Games People Play: New York

Director Whitney stars us off with a brief setup of what we are about to see: he has put an ad in a local casting paper, looking for three leading men and three leading women, between the ages of twenty-one and thirty, in shape, attractive and uninhibited, to participate in the making of an independent project, which will earn one of them ten thousand dollars at the end of 72 hours of filming. How far are hundreds of starving actors willing to go to earn ten grandr In the first phase, the audition, which involves the telling of a personal story for the cameras before pairing up with another actor to do a short, scripted “scene” from the film, total strangers are willing to get naked and simulate sexual scenes for the camera and the collected group. Uninhibited is what Whitney asked for, and that is exactly he gets: hotter than an Andy Sidaris production, a few steps removed from a Vivid video.

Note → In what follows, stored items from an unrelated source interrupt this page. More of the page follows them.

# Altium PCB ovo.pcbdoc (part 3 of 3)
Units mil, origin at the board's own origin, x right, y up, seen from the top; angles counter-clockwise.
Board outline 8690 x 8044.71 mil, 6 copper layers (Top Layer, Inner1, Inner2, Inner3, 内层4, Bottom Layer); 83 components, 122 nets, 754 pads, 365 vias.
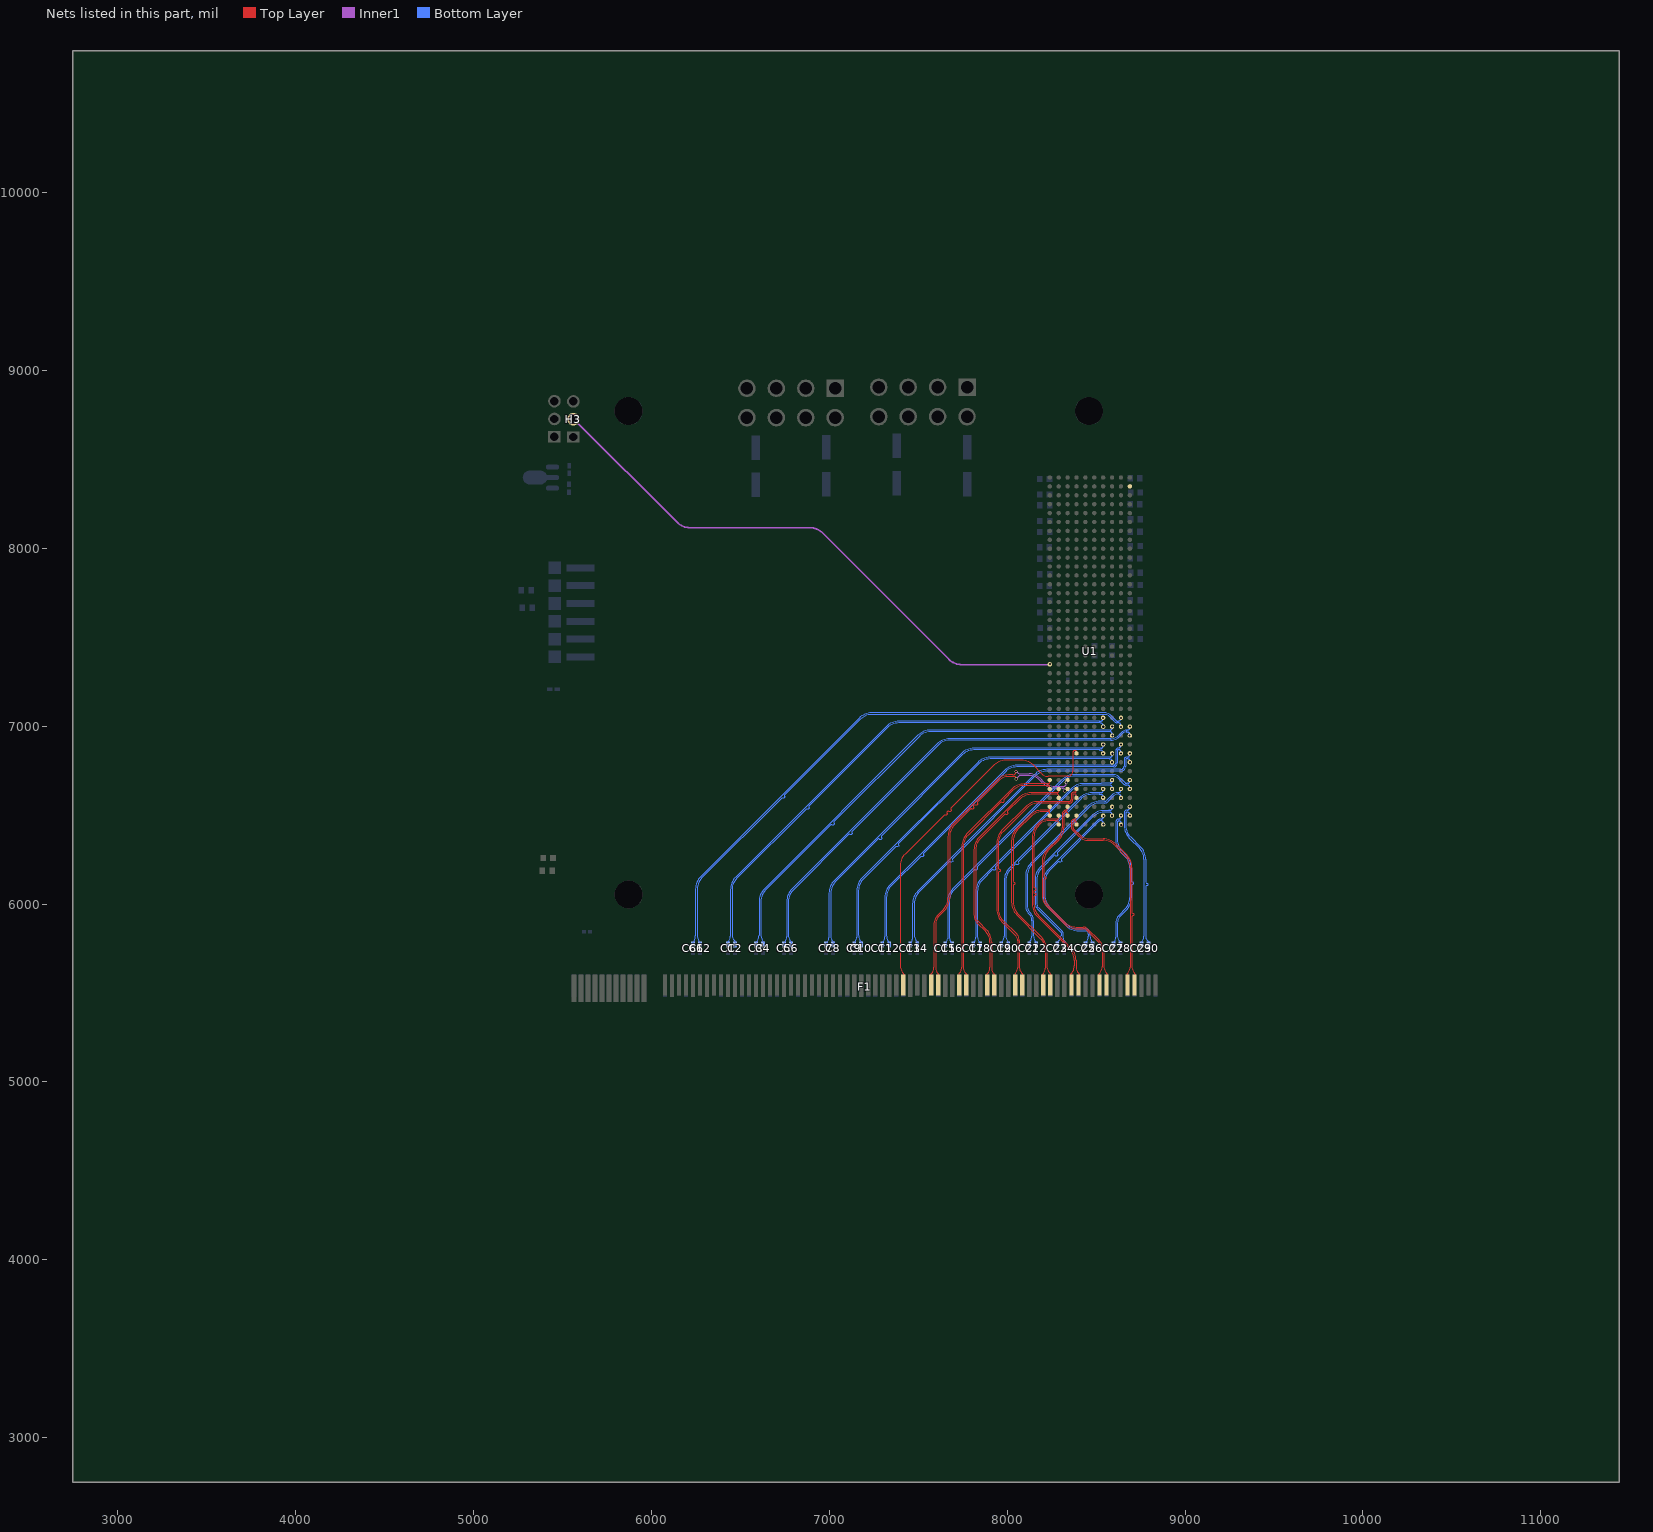
[diagram p6: the nets of this part, all layers, seen from the top]

## Via types
v1: diameter 17.7, hole 11.8, Top Layer to Bottom Layer, 365 vias

## Nets (pads, with @x,y where several pads share a name; then routed paths per layer and width w, separated by ;. In a path a pad name is that pad's centre, name@x,y a point inside that pad or via, vN(x,y) a via of type N, cw(c..) or ccw(c..) an arc to the next point about the centre after c; other vN are vias at no path point) (continued)
RX7-: F1.B46 U1.D9 | length 2067.4
  Top Layer w5.2: F1.B46@7421.26,5598.24 7421.26,5601.23 ccw(c7407.27,5601.23) 7417.16,5611.12 cw(c7457.04,5651) 7400.65,5651 7400.65,6216.87 cw(c7491.45,6216.87) 7427.24,6281.08 7646.18,6500.01 7651.38,6500.01 7653.25,6498.14 7658.45,6498.14 7663.85,6503.55 7663.85,6508.75 7661.98,6510.62 7661.98,6515.82 7667.39,6521.22 7672.59,6521.22 7674.46,6519.35 7679.66,6519.35 7685.07,6524.76 7685.07,6529.96 7683.2,6531.83 7683.2,6537.03 7927.66,6781.5 cw(c7991.87,6717.29) 7991.87,6808.09 8081.82,6808.09 cw(c8081.82,6717.29) 8146.03,6781.5 8195.68,6731.85 ccw(c8230.97,6767.14) 8230.97,6717.23 8340.39,6717.23 ccw(c8340.39,6746.68) 8369.85,6746.68 8369.85,6768.36 cw(c8370.15,6768.36) 8369.94,6768.58 ccw(c8369.72,6768.8) 8370.02,6768.8 8370.02,6852.41 cw(c8379.61,6852.41) 8379.61,6862 cw(c8382.32,6854.72) 8390.08,6854.72 U1.D9@8390.08,6846.73
RX8+: F1.B50 U1.C6 | length 1704.7
  Top Layer w5.2: F1.B50@7569.34,5595.32 7569.34,5598.2 cw(c7579.33,5598.2) 7572.26,5605.27 ccw(c7532.09,5645.44) 7588.9,5645.44 7588.9,5883.06 cw(c7670.05,5883.06) 7612.67,5940.44 7641.32,5969.09 ccw(c7577.12,6033.3) 7667.92,6033.3 7667.92,6379.32 cw(c7767.92,6379.32) 7697.21,6450.03 7946.95,6699.78 cw(c8008.83,6637.9) 8008.83,6725.41 8009.56,6725.41 ccw(c8009.56,6725.97) 8009.95,6725.57 cw(c8010.34,6725.18) 8010.34,6725.74 8032.4,6725.74 ccw(c8032.4,6743.5) 8044.96,6730.94 8045.46,6731.44 ccw(c8031.6,6745.3) v1(8051.21,6745.3) ; v1@8333.82,6684.47 8335.84,6686.49 ccw(c8325.6,6696.73) U1.C6@8340.08,6696.73
  Inner1 w5.2: v1(8051.21,6745.3) 8054.34,6742.17 ccw(c8080.69,6768.52) 8080.69,6731.26 8126.08,6731.26 cw(c8126.08,6647.68) 8185.18,6706.78 8204.18,6687.78 ccw(c8268.39,6751.98) 8268.39,6661.18 8312.06,6661.18 ccw(c8312.06,6662.47) 8312.97,6661.56 cw(c8313.89,6660.65) 8313.89,6661.94 8318.55,6661.94 ccw(c8318.55,6676.42) 8333.04,6676.42 v1(8333.04,6682.13)
RX8-: F1.B51 U1.C5 | length 1704.4
  Top Layer w5.2: F1.B51@7617.91,5592.98 7617.91,5594.89 ccw(c7599.93,5594.89) 7612.65,5607.61 cw(c7647.76,5642.72) 7598.1,5642.72 7598.1,5883.06 cw(c7670.05,5883.06) 7619.18,5933.93 7647.83,5962.59 ccw(c7577.12,6033.3) 7677.12,6033.3 7677.12,6379.32 cw(c7767.92,6379.32) 7703.71,6443.53 7795.37,6535.18 7800.57,6535.18 7802.9,6532.85 7808.1,6532.85 7813.51,6538.25 7813.51,6543.45 7811.17,6545.79 7811.17,6550.99 7816.58,6556.4 7821.78,6556.4 7824.12,6554.06 7829.32,6554.06 7834.72,6559.47 7834.72,6564.67 7832.39,6567 7832.39,6572.2 7953.46,6693.28 cw(c8008.83,6637.9) 8008.83,6716.21 8009.56,6716.21 cw(c8009.56,6715.66) 8009.95,6716.05 ccw(c8010.34,6716.44) 8010.34,6715.89 8040.25,6715.89 cw(c8040.25,6703.33) 8049.13,6712.21 8049.13,6710.15 ccw(c8058.6,6710.15) v1(8051.9,6703.45) ; v1@8326.27,6638.69 ccw(c8326.27,6652.6) 8336.11,6642.76 U1.C5@8340.08,6646.73
  Inner1 w5.2: v1@8053.75,6706.11 8062.87,6715.23 cw(c8079.35,6698.76) 8079.35,6722.06 8126.08,6722.06 cw(c8126.08,6647.68) 8178.67,6700.27 8197.68,6681.27 ccw(c8268.39,6751.98) 8268.39,6651.98 8309.95,6651.98 cw(c8309.95,6650.69) 8310.87,6651.61 ccw(c8311.78,6652.52) 8311.78,6651.23 8316.44,6651.23 cw(c8314.65,6642.12) 8323.93,6642.12 v1(8323.93,6636.35)
RX9+: F1.B54 U1.A6 | length 1401.4
  Top Layer w5.2: F1.B54@7729.12,5599.41 7729.12,5605.37 cw(c7733.11,5605.37) 7730.29,5608.19 ccw(c7693.95,5644.53) 7745.34,5644.53 7745.34,6322.98 cw(c7845.34,6322.98) 7774.63,6393.69 8026.47,6645.53 cw(c8097.18,6574.82) 8097.18,6674.82 8224.35,6674.82 ccw(c8224.35,6676.07) 8225.23,6675.19 cw(c8226.12,6674.3) 8226.12,6675.55 8230.8,6675.55 ccw(c8230.8,6684.83) 8240.08,6684.83 U1.A6@8240.08,6696.73
RX9-: F1.B55 U1.A5 | length 1400.9
  Top Layer w5.2: F1.B55@7775.35,5595.9 ccw(c7756.99,5595.9) 7769.97,5608.89 7768.33,5610.54 cw(c7801.63,5643.84) 7754.54,5643.84 7754.54,6322.98 cw(c7845.34,6322.98) 7781.13,6387.18 7965.11,6571.16 7970.31,6571.16 7972.19,6569.28 7977.39,6569.28 7982.8,6574.68 7982.8,6579.88 7980.92,6581.77 7980.92,6586.97 8032.97,6639.02 cw(c8097.18,6574.82) 8097.18,6665.62 8225.63,6665.62 cw(c8225.63,6664.36) 8226.51,6665.25 ccw(c8227.4,6666.14) 8227.4,6664.88 8232.08,6664.88 cw(c8232.08,6656.88) 8240.08,6656.88 U1.A5@8240.08,6646.73
RX10+: F1.B58 U1.B5 | length 1388.6
  Top Layer w5.2: F1.B58@7882.46,5594.15 cw(c7898,5594.15) 7887.01,5605.14 7888.31,5606.44 ccw(c7851.27,5643.48) 7903.66,5643.48 7903.66,5785.11 ccw(c7812.86,5785.11) 7877.06,5849.32 7833.67,5892.71 cw(c7880.91,5939.94) 7814.11,5939.94 7814.11,6304.99 cw(c7911.6,6304.99) 7842.66,6373.93 8064.66,6595.93 cw(c8135.37,6525.22) 8135.37,6625.22 8270.94,6625.22 ccw(c8270.94,6625.36) 8271.04,6625.26 cw(c8271.14,6625.16) 8271.14,6625.3 8281.81,6625.3 ccw(c8281.81,6633.29) 8287.47,6627.64 ccw(c8281.15,6633.96) 8290.08,6633.96 U1.B5@8290.08,6646.73
RX10-: F1.B59 U1.B4 | length 1389.4
  Top Layer w5.2: F1.B59@7930.45,5591.22 7930.45,5597.23 ccw(c7912.47,5597.23) 7925.19,5609.95 cw(c7954.95,5639.72) 7912.86,5639.72 7912.86,5785.11 ccw(c7812.86,5785.11) 7883.57,5855.82 7840.18,5899.21 cw(c7880.91,5939.94) 7823.31,5939.94 7823.31,6304.99 cw(c7911.6,6304.99) 7849.17,6367.43 7986.18,6504.44 7991.38,6504.44 7994.43,6501.39 7999.63,6501.39 8005.04,6506.79 8005.04,6511.99 8001.99,6515.04 8001.99,6520.24 8071.17,6589.42 cw(c8135.37,6525.22) 8135.37,6616.02 8270.94,6616.02 cw(c8270.94,6615.88) 8271.04,6615.98 ccw(c8271.14,6616.08) 8271.14,6615.94 8283.85,6615.94 cw(c8283.85,6609.72) 8288.25,6614.12 cw(c8283.82,6609.69) 8290.08,6609.69 U1.B4@8290.08,6596.73
RX11+: F1.B62 U1.D5 | length 1406.9
  Top Layer w5.2: F1.B62@8042.9,5598.54 8042.9,5603.08 cw(c8048.89,5603.08) 8044.65,5607.32 ccw(c8009.15,5642.82) 8059.36,5642.82 8059.36,5794.99 ccw(c8016.73,5794.99) 8046.87,5825.13 7971.3,5900.71 cw(c8042.01,5971.42) 7942.01,5971.42 7942.01,6342.75 cw(c8042.01,6342.75) 7971.3,6413.46 8103.91,6546.07 cw(c8174.62,6475.36) 8174.62,6575.36 8347.44,6575.36 ccw(c8347.44,6588.5) 8360.58,6588.5 8360.58,6613.87 cw(c8373.76,6613.87) 8373.76,6627.05 8374.82,6627.05 ccw(c8374.82,6627.45) 8375.1,6627.17 cw(c8375.39,6626.88) 8375.39,6627.29 8380.42,6627.29 ccw(c8380.42,6636.95) 8390.08,6636.95 U1.D5@8390.08,6646.73
RX11-: F1.B63 U1.D4 | length 1407.2
  Top Layer w5.2: F1.B63@8088.55,5600.88 ccw(c8077.25,5600.88) 8085.24,5608.87 8084.45,5609.66 cw(c8122.82,5648.02) 8068.56,5648.02 8068.56,5794.99 ccw(c8016.73,5794.99) 8053.38,5831.64 7977.81,5907.21 cw(c8042.01,5971.42) 7951.21,5971.42 7951.21,6177.69 7954.89,6181.36 7959.01,6181.36 7962.68,6185.04 7962.68,6192.69 7959.01,6196.36 7954.89,6196.36 7951.21,6200.04 7951.21,6342.75 cw(c8042.01,6342.75) 7977.81,6406.95 8110.42,6539.56 cw(c8174.62,6475.36) 8174.62,6566.16 8347.44,6566.16 ccw(c8347.44,6588.5) 8369.78,6588.5 8369.78,6613.87 cw(c8373.76,6613.87) 8373.76,6617.85 8375.38,6617.85 cw(c8375.38,6617.44) 8375.67,6617.73 ccw(c8375.96,6618.02) 8375.96,6617.61 8380.99,6617.61 cw(c8380.99,6608.52) 8390.08,6608.52 U1.D4@8390.08,6596.73
RX12+: F1.B66 U1.A3 | length 1156.9
  Top Layer w5.2: F1.B66@8194.49,5592.1 cw(c8212.85,5592.1) 8199.87,5605.09 8200.34,5605.56 ccw(c8166.86,5639.04) 8214.2,5639.04 8214.2,5741.97 ccw(c8123.4,5741.97) 8187.61,5806.17 8054.08,5939.7 cw(c8124.79,6010.41) 8024.79,6010.41 8024.79,6354.75 cw(c8124.79,6354.75) 8054.08,6425.46 8126.51,6497.89 cw(c8197.23,6427.18) 8197.23,6527.18 8232.42,6527.18 ; 8232.43,6527.17 ccw(c8232.43,6534.83) 8240.08,6534.83 U1.A3@8240.08,6546.73
RX12-: F1.B67 U1.A2 | length 1156
  Top Layer w5.2: U1.A2@8240.08,6496.73 8240.08,6510.5 ccw(c8232.6,6510.5) 8232.6,6517.98 8197.23,6517.98 ccw(c8197.23,6427.18) 8133.02,6491.38 8060.59,6418.95 ccw(c8124.79,6354.75) 8033.99,6354.75 8033.99,6126.73 8037.67,6123.06 8040.32,6123.06 8043.99,6119.38 8043.99,6111.73 8040.32,6108.06 8037.67,6108.06 8033.99,6104.38 8033.99,6010.41 ccw(c8124.79,6010.41) 8060.59,5946.2 8194.11,5812.68 cw(c8123.4,5741.97) 8223.4,5741.97 8223.4,5653.6 ccw(c8286.26,5653.6) 8241.81,5609.15 8244.23,5606.73 cw(c8240,5602.49) 8245.99,5602.49 F1.B67@8245.99,5592.68
RX13+: F1.B70 U1.B2 | length 1099.1
  Top Layer w5.2: U1.B2@8290.08,6496.73 8290.08,6485.25 cw(c8280.98,6485.25) 8280.98,6476.15 8276.03,6476.15 ccw(c8276.03,6475.56) 8275.61,6475.98 cw(c8275.19,6476.4) 8275.19,6475.81 8225.74,6475.81 ccw(c8225.74,6412.02) 8180.64,6457.12 8171.36,6447.84 ccw(c8242.01,6377.19) 8142.09,6377.19 8142.09,5999.09 ccw(c8242.09,5999.09) 8171.38,5928.38 8351.66,5748.11 cw(c8287.45,5683.9) 8378.25,5683.9 8378.25,5653.04 cw(c8314.48,5653.04) 8359.57,5607.94 8357.19,5605.56 ccw(c8360.02,5602.73) 8356.02,5602.73 F1.B70@8356.02,5596.78
RX13-: F1.B71 U1.B1 | length 1101.8
  Top Layer w5.2: U1.B1@8290.08,6446.73 8290.08,6456.3 ccw(c8280.12,6456.3) 8280.55,6466.26 8275.6,6466.26 cw(c8275.6,6466.85) 8275.18,6466.43 ccw(c8274.76,6466.01) 8274.76,6466.61 8225.74,6466.61 ccw(c8225.74,6412.02) 8187.14,6450.62 8177.86,6441.34 ccw(c8242.01,6377.19) 8151.29,6377.19 8151.29,6094.54 8154.97,6090.87 8157.62,6090.87 8161.29,6087.19 8161.29,6079.54 8157.62,6075.87 8154.97,6075.87 8151.29,6072.19 8151.29,6064.54 8154.97,6060.87 8157.62,6060.87 8161.29,6057.19 8161.29,6049.54 8157.62,6045.87 8154.97,6045.87 8151.29,6042.19 8151.29,5999.09 ccw(c8242.09,5999.09) 8177.89,5934.89 8358.16,5754.61 cw(c8287.45,5683.9) 8387.45,5683.9 8387.45,5647.64 ccw(c8442,5647.64) 8403.43,5609.07 cw(c8396.36,5602.01) 8406.36,5602.01 F1.B71@8406.36,5599.71
RX14+: F1.B74 U1.C3 | length 1191.3
  Top Layer w5.2: U1.C3@8340.08,6546.73 8340.08,6536.85 cw(c8330.41,6536.85) 8330.41,6527.17 ccw(c8331.28,6506.25) 8310.35,6506.25 8310.35,6429.39 cw(c8219.55,6429.39) 8283.75,6365.18 8226.27,6307.7 ccw(c8296.98,6236.99) 8196.98,6236.99 8196.98,6054.1 ccw(c8296.98,6054.1) 8226.27,5983.39 8318.81,5890.85 ccw(c8389.53,5961.56) 8389.53,5861.56 8429.23,5861.56 cw(c8429.23,5839.1) 8445.11,5854.98 8507.51,5792.58 cw(c8443.3,5728.38) 8534.1,5728.38 8534.1,5647.84 cw(c8477.62,5647.84) 8517.56,5607.9 8515.84,5606.19 ccw(c8525.84,5596.2) F1.B74@8511.71,5596.2
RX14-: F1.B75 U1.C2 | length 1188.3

The choice of the six finalists is anti-climactic, as Whitney repeatedly went back to the same footage of these people during the long montage of hot sex scenes.

With the first phase completed and the second day beginning, the six finalists still have no idea exactly what to expect. Whitney comes out, introduces the two judges and sets up the first competitions. The men have one hour to go out to Times Square and try to convince people they meet on the street to help them get a screen role by providing a clean urine sample. Keeping with the toilet motif, the women must go to a public restroom and attempt to strike up a conversation with the person in the next stall and get them to reveal a laundry list of personal information. The guy who brings back the most urine samples, with consent forms no less, wins that round, while the woman who gets their bathroom buddies to give up the most data takes their round. From there, each male contestant pairs up with a female, and together, posing as a committed couple, con a stranger off the streets to come up to their hotel room to engage in some naked singing.

The final competition of the day begins with the men and women splitting up again. The men are to each call in three actresses who did not make the cut, to come in and do an additional “scene” from the film, a continuation of the scene used in the first audition. The winner of this round is the actor who is get his partner to get the most uninhibited during their tryout. (Naturally, this section is called “The Casting Couch.”) The ladies are set up in an apartment in lower Manhattan, where they must attempt to get a delivery boy to come into their place and get naked. To the lady who can get their visiting lothario bare fastest go the spoils.

Interspersed between each competition is a series of true confessionals between each contestant and our judges, which are meant to be shocking for their frankness and detail, a cross between the outrageousness of Jerry Springer and the intimate depth of Oprah Winfrey. And when the last competition is completed and the contestants have cried their final tear, many of those who auditioned at the beginning return to see who has been chosen the winner. More tears are shed, cold hard cash is handed out, and the fate of each contestant, as well as some of the others who auditioned, is told as the end credits roll.

Myself, I loathe calling this experience a film, since “Games People Play” is really a failed one hour television pilot padded to get away with calling itself a feature. I also loathe calling it a documentary, since it does not capture a single real moment. What we are given is nothing more than a series of situations built on lies and deception, with the biggest deceit saved for the final moments. I’m no fan of the manufactured “veracity” of reality shows, and “Games People Play” did little to help sway me that I might be wrong. These types of situations are, to me, nothing more than opportunists taking advantage of desperate individuals, for their own financial gain. A Survivor may earn a million dollars for their time in “the wild,” but we know that is a mere drop in the bucket compared to ad revenue the producers and the network made. What happens over the course of the 99 minute running time here is hackneyed, uninspiring, disgraceful and thick, just like what is on network television any night of the week, only with plenty of uncensored, free flowing flesh.

This is not to say the endeavor is a complete waste. We are introduced to two charming young performers, Joshua Coleman and Sarah Smith, whose likeable appeal stands above the other challengers, and who hopefully are able to use this opportunity to springboard into better career situations. It is not accidental that, of the six players here, Coleman and Smith will soon be seen in the next edition of the game, as the judges of the recently completed “Games People Play: Hollywood,” or that the perky blonde Smith is featured front and center in the ads, while the perky blonde Coleman rises head and shoulders above everyone else. (A third segment, based in the Bible Belt, is forthcoming.)

If this type of entertainment is your cup of tea, you will likely be amused here. … solely because of the allure of Coleman and Smith. Hopefully, director James Ronald Whitney will return to the documentary work of his previous films “Just, Melvin” and the Emmy-winning “Telling Nicholas,” where his strong talents as a storyteller lay.